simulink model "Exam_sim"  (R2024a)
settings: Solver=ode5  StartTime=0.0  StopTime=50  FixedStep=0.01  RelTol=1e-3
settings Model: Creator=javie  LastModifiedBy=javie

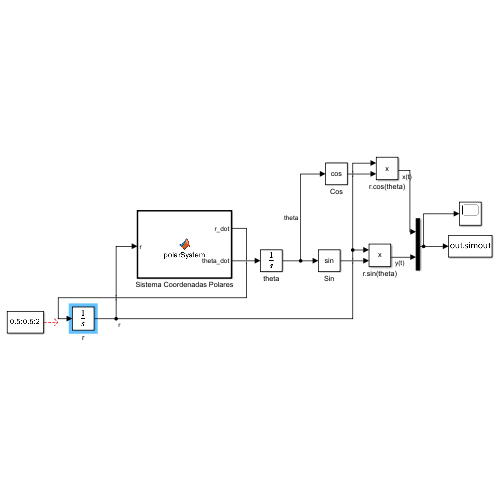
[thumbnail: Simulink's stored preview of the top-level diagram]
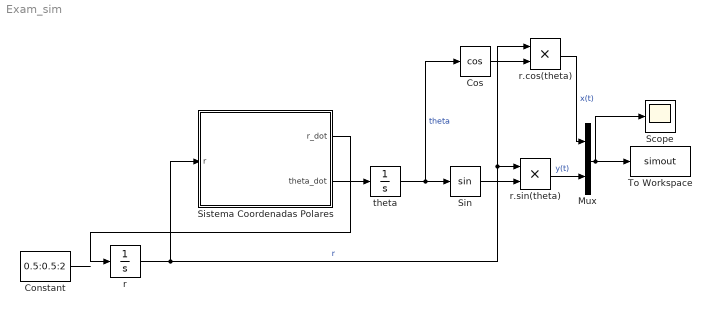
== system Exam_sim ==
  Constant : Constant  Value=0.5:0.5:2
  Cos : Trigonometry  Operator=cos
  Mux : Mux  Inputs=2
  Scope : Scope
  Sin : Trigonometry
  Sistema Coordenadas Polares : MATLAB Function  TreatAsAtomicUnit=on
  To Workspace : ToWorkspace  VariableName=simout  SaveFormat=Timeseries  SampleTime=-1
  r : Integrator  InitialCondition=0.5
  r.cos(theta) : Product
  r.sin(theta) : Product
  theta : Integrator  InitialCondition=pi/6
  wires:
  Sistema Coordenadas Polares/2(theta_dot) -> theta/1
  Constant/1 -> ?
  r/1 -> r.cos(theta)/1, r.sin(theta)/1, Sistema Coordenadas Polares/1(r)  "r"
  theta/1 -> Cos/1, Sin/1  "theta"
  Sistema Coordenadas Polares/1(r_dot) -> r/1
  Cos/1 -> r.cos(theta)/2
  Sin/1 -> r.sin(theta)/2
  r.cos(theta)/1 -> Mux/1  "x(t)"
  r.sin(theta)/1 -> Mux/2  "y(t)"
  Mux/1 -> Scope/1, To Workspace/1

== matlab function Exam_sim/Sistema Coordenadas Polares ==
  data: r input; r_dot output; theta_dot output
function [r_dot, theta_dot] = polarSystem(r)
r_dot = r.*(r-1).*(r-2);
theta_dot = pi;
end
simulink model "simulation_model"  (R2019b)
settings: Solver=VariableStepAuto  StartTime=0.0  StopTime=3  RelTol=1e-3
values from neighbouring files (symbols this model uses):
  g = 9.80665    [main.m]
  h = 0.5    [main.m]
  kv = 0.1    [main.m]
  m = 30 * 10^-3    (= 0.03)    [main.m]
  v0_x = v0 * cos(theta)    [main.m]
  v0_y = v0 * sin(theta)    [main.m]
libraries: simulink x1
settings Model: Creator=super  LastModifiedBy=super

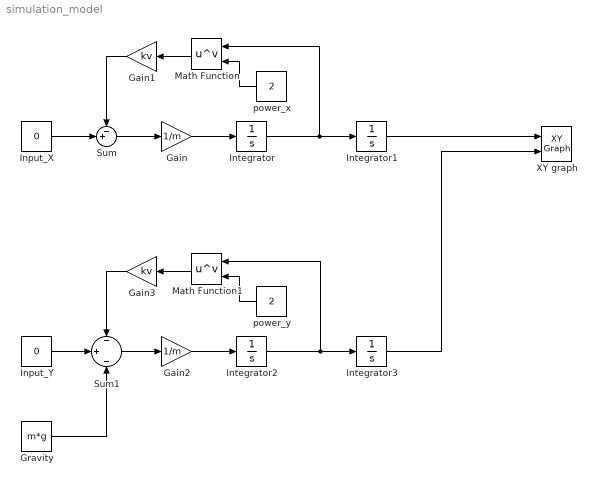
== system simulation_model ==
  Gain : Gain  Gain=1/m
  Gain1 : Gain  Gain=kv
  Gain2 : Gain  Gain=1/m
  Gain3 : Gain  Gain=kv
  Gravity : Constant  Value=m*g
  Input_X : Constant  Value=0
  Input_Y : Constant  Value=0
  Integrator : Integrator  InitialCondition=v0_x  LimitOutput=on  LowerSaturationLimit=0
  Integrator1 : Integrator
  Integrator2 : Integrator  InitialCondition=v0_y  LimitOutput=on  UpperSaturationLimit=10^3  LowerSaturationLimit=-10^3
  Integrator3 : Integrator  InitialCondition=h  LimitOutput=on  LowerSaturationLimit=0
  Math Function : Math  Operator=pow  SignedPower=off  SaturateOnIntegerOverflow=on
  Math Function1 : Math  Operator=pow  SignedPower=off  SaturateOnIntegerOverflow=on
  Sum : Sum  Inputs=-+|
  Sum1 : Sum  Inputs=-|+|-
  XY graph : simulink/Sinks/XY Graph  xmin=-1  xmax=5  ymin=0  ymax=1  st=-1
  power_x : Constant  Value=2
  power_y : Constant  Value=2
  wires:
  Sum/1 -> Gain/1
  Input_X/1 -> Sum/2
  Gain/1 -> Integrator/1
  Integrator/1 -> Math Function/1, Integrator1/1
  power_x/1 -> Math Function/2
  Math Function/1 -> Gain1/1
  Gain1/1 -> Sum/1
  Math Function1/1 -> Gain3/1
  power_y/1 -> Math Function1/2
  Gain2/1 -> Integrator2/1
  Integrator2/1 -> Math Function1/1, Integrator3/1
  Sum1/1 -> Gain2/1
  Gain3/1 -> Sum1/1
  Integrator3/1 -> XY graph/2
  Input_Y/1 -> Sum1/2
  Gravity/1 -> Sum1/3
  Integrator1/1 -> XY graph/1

◇ ◇ ◇

Required action:
A verbatim retyping of the listing, without any pictures, is the expected answer.

Answer to this task:
simulink model "Exam_sim"  (R2024a)
settings: Solver=ode5  StartTime=0.0  StopTime=50  FixedStep=0.01  RelTol=1e-3
settings Model: Creator=javie  LastModifiedBy=javie

[thumbnail: Simulink's stored preview of the top-level diagram]
== system Exam_sim ==
  Constant : Constant  Value=0.5:0.5:2
  Cos : Trigonometry  Operator=cos
  Mux : Mux  Inputs=2
  Scope : Scope
  Sin : Trigonometry
  Sistema Coordenadas Polares : MATLAB Function  TreatAsAtomicUnit=on
  To Workspace : ToWorkspace  VariableName=simout  SaveFormat=Timeseries  SampleTime=-1
  r : Integrator  InitialCondition=0.5
  r.cos(theta) : Product
  r.sin(theta) : Product
  theta : Integrator  InitialCondition=pi/6
  wires:
  Sistema Coordenadas Polares/2(theta_dot) -> theta/1
  Constant/1 -> ?
  r/1 -> r.cos(theta)/1, r.sin(theta)/1, Sistema Coordenadas Polares/1(r)  "r"
  theta/1 -> Cos/1, Sin/1  "theta"
  Sistema Coordenadas Polares/1(r_dot) -> r/1
  Cos/1 -> r.cos(theta)/2
  Sin/1 -> r.sin(theta)/2
  r.cos(theta)/1 -> Mux/1  "x(t)"
  r.sin(theta)/1 -> Mux/2  "y(t)"
  Mux/1 -> Scope/1, To Workspace/1

== matlab function Exam_sim/Sistema Coordenadas Polares ==
  data: r input; r_dot output; theta_dot output
function [r_dot, theta_dot] = polarSystem(r)
r_dot = r.*(r-1).*(r-2);
theta_dot = pi;
end
simulink model "simulation_model"  (R2019b)
settings: Solver=VariableStepAuto  StartTime=0.0  StopTime=3  RelTol=1e-3
values from neighbouring files (symbols this model uses):
  g = 9.80665    [main.m]
  h = 0.5    [main.m]
  kv = 0.1    [main.m]
  m = 30 * 10^-3    (= 0.03)    [main.m]
  v0_x = v0 * cos(theta)    [main.m]
  v0_y = v0 * sin(theta)    [main.m]
libraries: simulink x1
settings Model: Creator=super  LastModifiedBy=super

== system simulation_model ==
  Gain : Gain  Gain=1/m
  Gain1 : Gain  Gain=kv
  Gain2 : Gain  Gain=1/m
  Gain3 : Gain  Gain=kv
  Gravity : Constant  Value=m*g
  Input_X : Constant  Value=0
  Input_Y : Constant  Value=0
  Integrator : Integrator  InitialCondition=v0_x  LimitOutput=on  LowerSaturationLimit=0
  Integrator1 : Integrator
  Integrator2 : Integrator  InitialCondition=v0_y  LimitOutput=on  UpperSaturationLimit=10^3  LowerSaturationLimit=-10^3
  Integrator3 : Integrator  InitialCondition=h  LimitOutput=on  LowerSaturationLimit=0
  Math Function : Math  Operator=pow  SignedPower=off  SaturateOnIntegerOverflow=on
  Math Function1 : Math  Operator=pow  SignedPower=off  SaturateOnIntegerOverflow=on
  Sum : Sum  Inputs=-+|
  Sum1 : Sum  Inputs=-|+|-
  XY graph : simulink/Sinks/XY Graph  xmin=-1  xmax=5  ymin=0  ymax=1  st=-1
  power_x : Constant  Value=2
  power_y : Constant  Value=2
  wires:
  Sum/1 -> Gain/1
  Input_X/1 -> Sum/2
  Gain/1 -> Integrator/1
  Integrator/1 -> Math Function/1, Integrator1/1
  power_x/1 -> Math Function/2
  Math Function/1 -> Gain1/1
  Gain1/1 -> Sum/1
  Math Function1/1 -> Gain3/1
  power_y/1 -> Math Function1/2
  Gain2/1 -> Integrator2/1
  Integrator2/1 -> Math Function1/1, Integrator3/1
  Sum1/1 -> Gain2/1
  Gain3/1 -> Sum1/1
  Integrator3/1 -> XY graph/2
  Input_Y/1 -> Sum1/2
  Gravity/1 -> Sum1/3
  Integrator1/1 -> XY graph/1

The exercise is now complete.